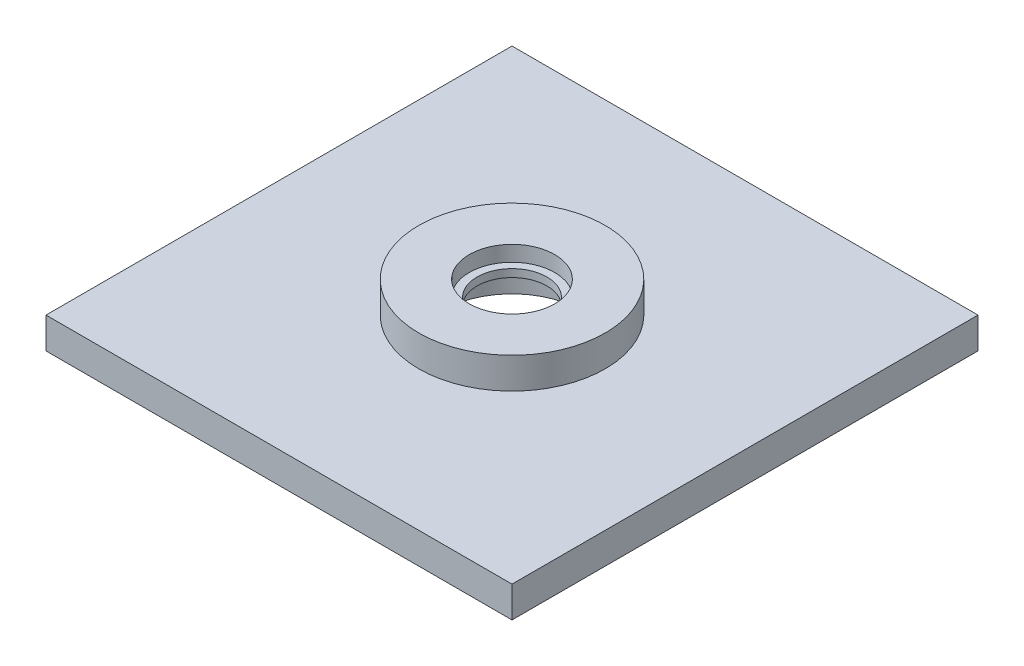
from build123d import *

# Parameters (mm, degrees)
SKETCH1_W           = 95.25
SKETCH1_H           = 95.25
SKETCH1_R           = 7.14375
BOSS_EXTRUDE1_DEPTH = 6.35
SKETCH3_R           = 19.05
SKETCH3_R_2         = 7.14375
BOSS_EXTRUDE2_DEPTH = 6.35
SKETCH2_R           = 14.2875
CUT_EXTRUDE1_DEPTH  = 7.9375
SKETCH4_R           = 8.73125
CUT_EXTRUDE2_DEPTH  = 3.175


with BuildPart() as part:
    # Sketch1 → Boss-Extrude1 (new body)
    with BuildSketch(Plane(origin=(0, 0, 0), x_dir=(1, 0, 0), z_dir=(0, 1, 0))):
        Rectangle(SKETCH1_W, SKETCH1_H)
        Circle(SKETCH1_R, mode=Mode.SUBTRACT)
    extrude(amount=BOSS_EXTRUDE1_DEPTH)

    # Sketch3 → Boss-Extrude2 (add)
    with BuildSketch(Plane(origin=(0, 6.35, 0), x_dir=(1, 0, 0), z_dir=(0, 1, 0))):
        Circle(SKETCH3_R)
        Circle(SKETCH3_R_2, mode=Mode.SUBTRACT)
    extrude(amount=BOSS_EXTRUDE2_DEPTH)

    # Sketch2 → Cut-Extrude1 (cut)
    with BuildSketch(Plane.XZ):
        Circle(SKETCH2_R)
    extrude(amount=-CUT_EXTRUDE1_DEPTH, mode=Mode.SUBTRACT)

    # Sketch4 → Cut-Extrude2 (cut)
    with BuildSketch(Plane(origin=(0, 12.7, 0), x_dir=(1, 0, 0), z_dir=(0, 1, 0))):
        Circle(SKETCH4_R)
    extrude(amount=-CUT_EXTRUDE2_DEPTH, mode=Mode.SUBTRACT)


solid = part.part

-----

= Activity =
Write out the listing above in full, word for word, with no pictures.

= Exercise result =
from build123d import *

# Parameters (mm, degrees)
SKETCH1_W           = 95.25
SKETCH1_H           = 95.25
SKETCH1_R           = 7.14375
BOSS_EXTRUDE1_DEPTH = 6.35
SKETCH3_R           = 19.05
SKETCH3_R_2         = 7.14375
BOSS_EXTRUDE2_DEPTH = 6.35
SKETCH2_R           = 14.2875
CUT_EXTRUDE1_DEPTH  = 7.9375
SKETCH4_R           = 8.73125
CUT_EXTRUDE2_DEPTH  = 3.175


with BuildPart() as part:
    # Sketch1 → Boss-Extrude1 (new body)
    with BuildSketch(Plane(origin=(0, 0, 0), x_dir=(1, 0, 0), z_dir=(0, 1, 0))):
        Rectangle(SKETCH1_W, SKETCH1_H)
        Circle(SKETCH1_R, mode=Mode.SUBTRACT)
    extrude(amount=BOSS_EXTRUDE1_DEPTH)

    # Sketch3 → Boss-Extrude2 (add)
    with BuildSketch(Plane(origin=(0, 6.35, 0), x_dir=(1, 0, 0), z_dir=(0, 1, 0))):
        Circle(SKETCH3_R)
        Circle(SKETCH3_R_2, mode=Mode.SUBTRACT)
    extrude(amount=BOSS_EXTRUDE2_DEPTH)

    # Sketch2 → Cut-Extrude1 (cut)
    with BuildSketch(Plane.XZ):
        Circle(SKETCH2_R)
    extrude(amount=-CUT_EXTRUDE1_DEPTH, mode=Mode.SUBTRACT)

    # Sketch4 → Cut-Extrude2 (cut)
    with BuildSketch(Plane(origin=(0, 12.7, 0), x_dir=(1, 0, 0), z_dir=(0, 1, 0))):
        Circle(SKETCH4_R)
    extrude(amount=-CUT_EXTRUDE2_DEPTH, mode=Mode.SUBTRACT)


solid = part.part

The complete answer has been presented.